Across Turkey, the rescuers have volunteered to find and save those trapped beneath the rubble. Their bravery and determination bore fruit when— almost a week after the first earthquake— they brought out a 64-year-old mother alive. Her rescue brought tears and confidence in them, encouraging them to work tirelessly day and night to unearth more and more people.
While this wounded woman was being rushed to a waiting ambulance, the people, who had gathered close by to watch silently, started to applaud. They clapped perhaps as a token of respect and appreciation to the brave woman pulled out of the debris and to her rescuers.
In another case, a girl was rescued unhurt after being buried alive for more than 150 hours. She was all over in dust. A small cut on her brow was bleeding. She was shocked and silent, possibly because of the traumatic experience from the catastrophe, with her hands outstretched. Her family's condition is unknown.

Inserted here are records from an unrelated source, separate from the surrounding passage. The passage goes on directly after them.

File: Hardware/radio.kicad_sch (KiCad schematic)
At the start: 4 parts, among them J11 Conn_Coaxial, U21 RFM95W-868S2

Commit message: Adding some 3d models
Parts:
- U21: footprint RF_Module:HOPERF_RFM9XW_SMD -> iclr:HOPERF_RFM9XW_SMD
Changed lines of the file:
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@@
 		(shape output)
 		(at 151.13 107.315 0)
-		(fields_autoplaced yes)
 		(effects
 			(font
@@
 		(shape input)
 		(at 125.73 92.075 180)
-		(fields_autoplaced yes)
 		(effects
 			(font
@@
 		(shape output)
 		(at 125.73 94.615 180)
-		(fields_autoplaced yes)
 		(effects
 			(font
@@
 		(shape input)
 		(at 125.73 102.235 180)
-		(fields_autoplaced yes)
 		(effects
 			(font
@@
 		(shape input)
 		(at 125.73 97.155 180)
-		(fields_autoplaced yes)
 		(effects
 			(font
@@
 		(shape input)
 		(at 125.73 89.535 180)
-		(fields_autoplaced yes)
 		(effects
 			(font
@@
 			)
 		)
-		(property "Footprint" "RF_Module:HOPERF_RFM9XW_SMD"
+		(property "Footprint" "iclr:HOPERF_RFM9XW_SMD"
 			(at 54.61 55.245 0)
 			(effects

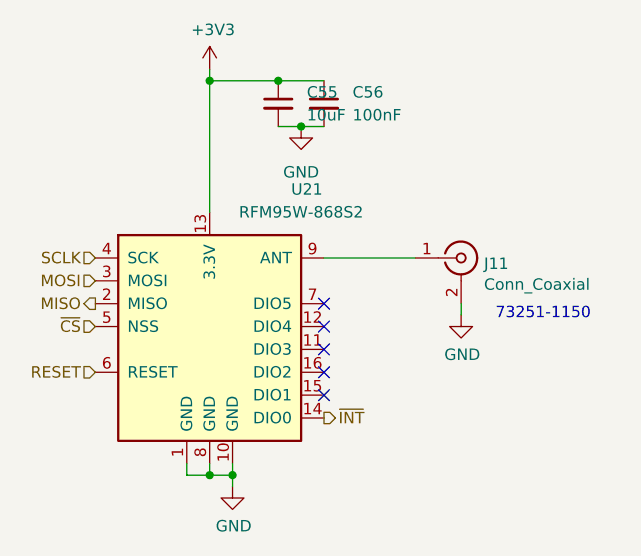
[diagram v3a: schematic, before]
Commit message: cleaned up schematic and bom
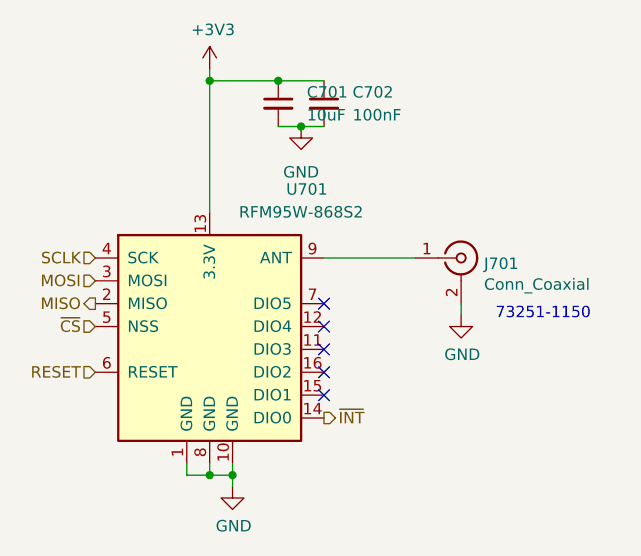
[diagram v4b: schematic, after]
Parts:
- renumbered C55 to C701, C56 to C702, J11 to J701, U21 to U701
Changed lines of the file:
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@@
 (kicad_sch
-	(version 20231120)
+	(version 20250114)
 	(generator "eeschema")
-	(generator_version "8.0")
+	(generator_version "9.0")
 	(paper "A4")
+	(text "73251-1150"
+		(exclude_from_sim no)
+		(at 170.18 96.52 0)
+		(effects
+			(font
+				(size 1.27 1.27)
+			)
+			(justify left bottom)
+		)
+	)
 	(junction
 		(at 140.97 113.665)
@@
 			(width 0)
 			(type default)
-		)
-	)
-	(text "73251-1150"
-		(exclude_from_sim no)
-		(at 170.18 96.52 0)
-		(effects
-			(font
-				(size 1.27 1.27)
-			)
-			(justify left bottom)
 		)
 	)
@@
 		(dnp no)
 		(fields_autoplaced yes)
-		(property "Reference" "C55"
+		(property "Reference" "C701"
 			(at 149.225 71.1262 0)
 			(effects
@@
 			(project "PickleRick"
 				(path "/e63e39d7-6ac0-4ffd-8aa3-1841a4541b55/a5e505c0-c0af-4f61-a9d4-cf031c548012"
-					(reference "C55")
+					(reference "C701")
 					(unit 1)
 				)
@@
 		(on_board yes)
 		(dnp no)
-		(property "Reference" "#PWR0129"
+		(property "Reference" "#PWR0704"
 			(at 166.37 102.235 0)
 			(effects
@@
 			(project "PickleRick"
 				(path "/e63e39d7-6ac0-4ffd-8aa3-1841a4541b55/a5e505c0-c0af-4f61-a9d4-cf031c548012"
-					(reference "#PWR0129")
+					(reference "#PWR0704")
 					(unit 1)
 				)
@@
 		(on_board yes)
 		(dnp no)
-		(property "Reference" "U21"
+		(property "Reference" "U701"
 			(at 149.225 81.915 0)
 			(effects
@@
 			(project "PickleRick"
 				(path "/e63e39d7-6ac0-4ffd-8aa3-1841a4541b55/a5e505c0-c0af-4f61-a9d4-cf031c548012"
-					(reference "U21")
+					(reference "U701")
 					(unit 1)
 				)
@@
 		(on_board yes)
 		(dnp no)
-		(property "Reference" "J11"
+		(property "Reference" "J701"
 			(at 168.91 90.17 0)
 			(effects
@@
 			)
 		)
-		(property "Datasheet" " ~"
+		(property "Datasheet" "~"
 			(at 166.37 89.535 0)
 			(effects
@@
 			(project "PickleRick"
 				(path "/e63e39d7-6ac0-4ffd-8aa3-1841a4541b55/a5e505c0-c0af-4f61-a9d4-cf031c548012"
-					(reference "J11")
+					(reference "J701")
 					(unit 1)
 				)
@@
 		(on_board yes)
 		(dnp no)
-		(property "Reference" "C56"
+		(property "Reference" "C702"
 			(at 154.305 71.1262 0)
 			(effects
@@
 			(project "PickleRick"
 				(path "/e63e39d7-6ac0-4ffd-8aa3-1841a4541b55/a5e505c0-c0af-4f61-a9d4-cf031c548012"
-					(reference "C56")
+					(reference "C702")
 					(unit 1)
 				)
@@
 		(dnp no)
 		(fields_autoplaced yes)
-		(property "Reference" "#PWR0128"
+		(property "Reference" "#PWR0703"
 			(at 148.59 81.28 0)
 			(effects
@@
 			(project "PickleRick"
 				(path "/e63e39d7-6ac0-4ffd-8aa3-1841a4541b55/a5e505c0-c0af-4f61-a9d4-cf031c548012"
-					(reference "#PWR0128")
+					(reference "#PWR0703")
 					(unit 1)
 				)
@@
 		(on_board yes)
 		(dnp no)
-		(property "Reference" "#PWR0126"
+		(property "Reference" "#PWR0701"
 			(at 138.43 72.39 0)
 			(effects
@@
 			(project "PickleRick"
 				(path "/e63e39d7-6ac0-4ffd-8aa3-1841a4541b55/a5e505c0-c0af-4f61-a9d4-cf031c548012"
-					(reference "#PWR0126")
+					(reference "#PWR0701")
 					(unit 1)
 				)
@@
 		(on_board yes)
 		(dnp no)
-		(property "Reference" "#PWR0127"
+		(property "Reference" "#PWR0702"
 			(at 140.97 121.285 0)
 			(effects
@@
 			(project "PickleRick"
 				(path "/e63e39d7-6ac0-4ffd-8aa3-1841a4541b55/a5e505c0-c0af-4f61-a9d4-cf031c548012"
-					(reference "#PWR0127")
+					(reference "#PWR0702")
 					(unit 1)
 				)
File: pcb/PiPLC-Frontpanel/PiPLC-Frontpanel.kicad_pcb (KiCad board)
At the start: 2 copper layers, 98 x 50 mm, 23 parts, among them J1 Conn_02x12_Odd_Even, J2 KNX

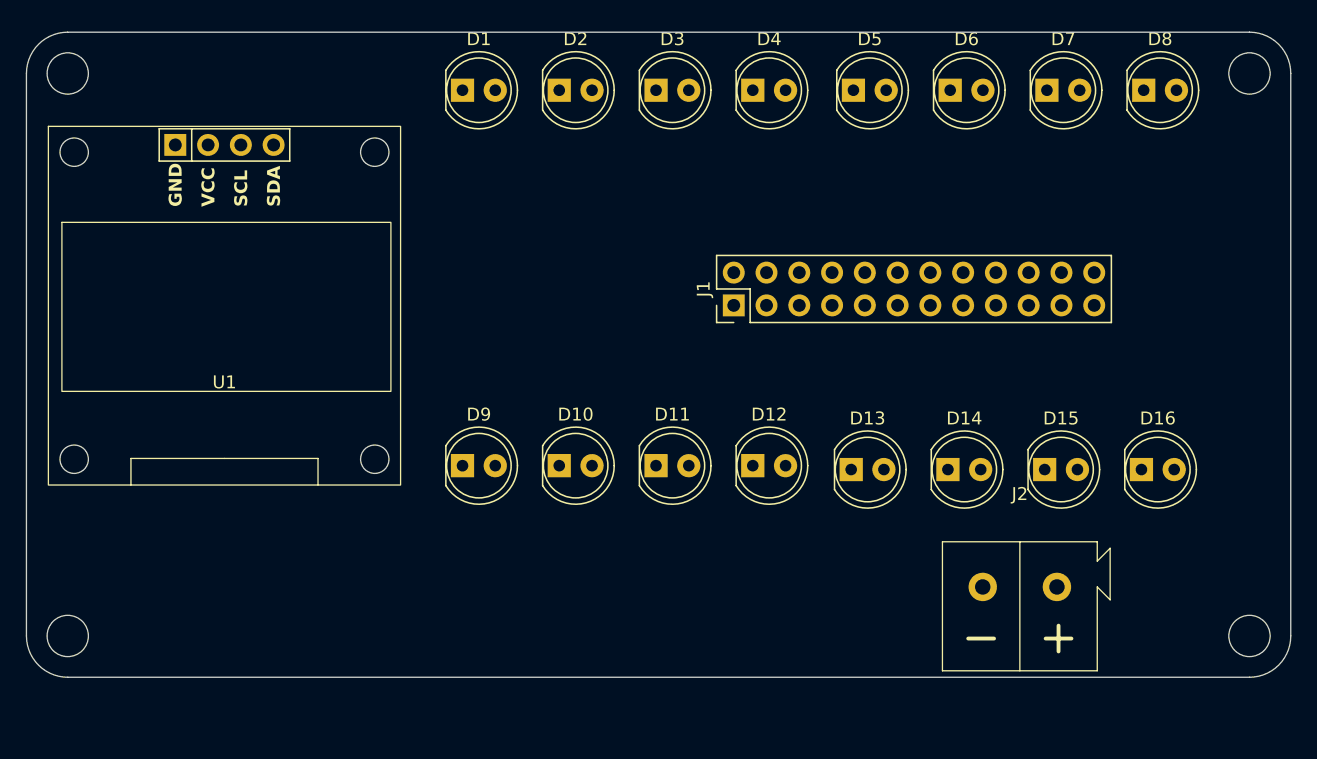
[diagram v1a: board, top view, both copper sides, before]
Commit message: [HMI] Move mechanical bits
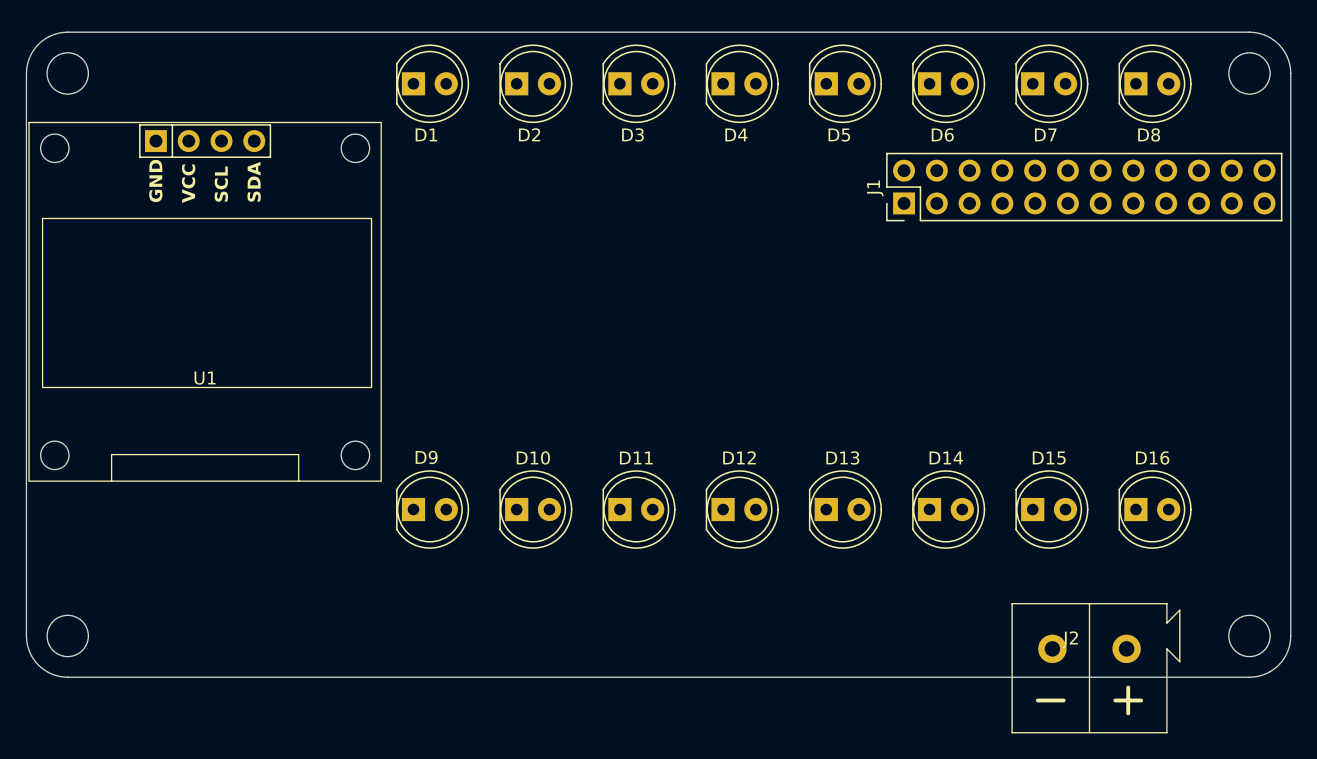
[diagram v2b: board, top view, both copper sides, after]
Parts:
- moved J1 15.4 mm to (185.9, 80.1)
- moved J2 7.22 mm to (200.3, 114.6)
- moved D9 5.10 mm to (147.9, 103.8)
- moved D10 4.74 mm to (155.9, 103.8)
- moved D11 4.40 mm to (163.9, 103.8)
- moved D12 4.10 mm to (171.9, 103.8)
- moved D1 3.83 mm to (147.9, 70.8)
- moved D13 3.65 mm to (179.9, 103.8)
- moved D14 3.41 mm to (187.9, 103.8)
- moved D2 3.34 mm to (155.9, 70.8)
- moved D15 3.24 mm to (195.9, 103.8)
- moved D16 3.13 mm to (203.9, 103.8)
- moved D3 2.84 mm to (163.9, 70.8)
- moved D4 2.35 mm to (171.9, 70.8)
- moved D5 2.16 mm to (179.9, 70.8)

Likewise, the rescuers found out an 18- month old Ibrahim and took him to hospital. As nothing was known about his family, they posted images of the boy on social media. Ibrahim’s father, Jomaa Biazid, thus was able to learn that his son was alive.
Worried and crying Jomaa greeted Ibrahim with a kiss and for a little while was without a sign of sadness. Mustafa, the other son of Jomaa, is missing; Jomaa’s wife and daughter passed on in the natural disaster.
In yet another instance, German search and rescue teams found out Zeynep Kahraman very recently in Turkey. They wept in buckets after having saved the life of this 40-year old lady but finding her injured beyond description. And next day they came to know that Zeynep had succumbed to her injuries. She had been trapped for 104 hours under the rubble following the remorseless earthquakes. The rescuers wept again — to lament her tragic death.
A Syrian child with black hair and a yellow coat is pulled from the rubble. The confused boy is handed from one rescuer to another. The rescuers were very happy on saving a life, planting kisses on his cheeks and feeling a sense of relief. And how long he was caught beneath the debris is not known. A big smile broadens across his pale face.
The rescuers happiness is in fact a handsome expression of the goodness and obligation many among us feel to help others in trouble. Whatever be the political rationale behind the rescue operations from the neighbors and beyond to Turkey and Syria, the timely aid and rescue has come as a glimmer of hope that humanity can work wonders even if it just prevails for a few moments over ugliness.